Records to use -
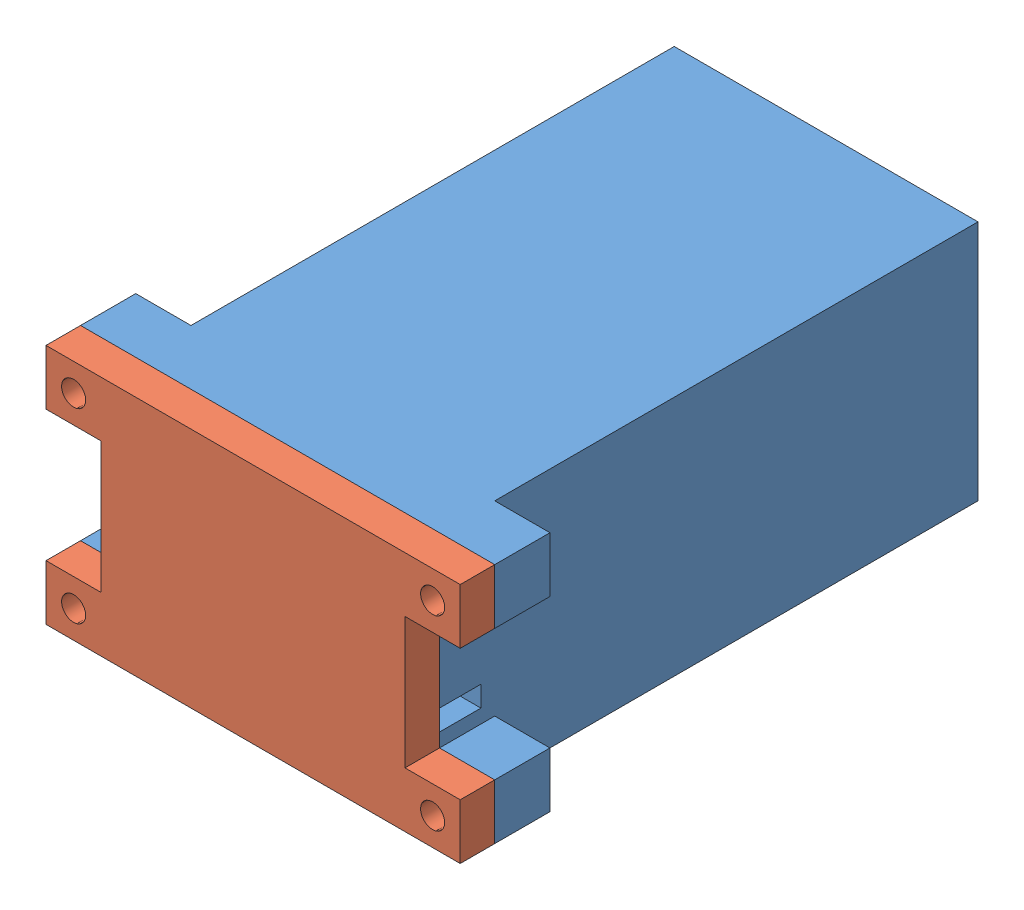
SolidWorks assembly battery_box_7V4, configuration 預設. Lengths in mm.
Overall size (60 35 83).
3 component instances, 3 part files, 5 mates.
Components (placement in the parent):
- battery_box_7V4-1: battery_box_7V4 [預設] at (4.9748 -22.7044 78) size (60 35 78)
- battery_cap_7V4-1: battery_cap_7V4 [預設] at (4.9748 -5.2044 117) size (60 35 5)
- battery7_4Vmodel-1: battery7_4Vmodel [預設] at (4.9748 -2.7044 74.5) x (0 0 1) z (0 -1 0) size (78 38 20)
Mates (geometry in assembly coordinates):
- 重合/共線/共點1: coincident aligned: circle of battery_box_7V4-1; circle of battery_cap_7V4-1
- 同軸心1: concentric anti-aligned: cylinder of battery_box_7V4-1 through (30.9748 8.2956 109) axis (0 0 1) radius 1.75; cylinder of battery_cap_7V4-1 through (30.9748 8.2956 122) axis (0 0 -1) radius 1.75
- 重合/共線/共點2: coincident anti-aligned: plane of battery_box_7V4-1 through (-14.0252 12.2956 39) normal (1 0 0); plane of battery7_4Vmodel-1 through (-14.0252 -12.7044 42) normal (-1 0 0)
- 重合/共線/共點3: coincident anti-aligned: plane of battery_box_7V4-1 through (4.9748 -12.7044 78) normal (0 1 0); plane of battery7_4Vmodel-1 through (4.9748 -12.7044 74.5) normal (0 -1 0)
- 重合/共線/共點4: coincident anti-aligned: plane of battery_box_7V4-1 through (-17.0252 12.2956 42) normal (0 0 1); plane of battery7_4Vmodel-1 through (-14.0252 -12.7044 42) normal (0 0 -1)

Exercise objective -
All lines from the one holding "- 同軸心1: concentric" through the end of the entries need to be given again exactly. Leave out the others.

Answer to this exercise -
- 同軸心1: concentric anti-aligned: cylinder of battery_box_7V4-1 through (30.9748 8.2956 109) axis (0 0 1) radius 1.75; cylinder of battery_cap_7V4-1 through (30.9748 8.2956 122) axis (0 0 -1) radius 1.75
- 重合/共線/共點2: coincident anti-aligned: plane of battery_box_7V4-1 through (-14.0252 12.2956 39) normal (1 0 0); plane of battery7_4Vmodel-1 through (-14.0252 -12.7044 42) normal (-1 0 0)
- 重合/共線/共點3: coincident anti-aligned: plane of battery_box_7V4-1 through (4.9748 -12.7044 78) normal (0 1 0); plane of battery7_4Vmodel-1 through (4.9748 -12.7044 74.5) normal (0 -1 0)
- 重合/共線/共點4: coincident anti-aligned: plane of battery_box_7V4-1 through (-17.0252 12.2956 42) normal (0 0 1); plane of battery7_4Vmodel-1 through (-14.0252 -12.7044 42) normal (0 0 -1)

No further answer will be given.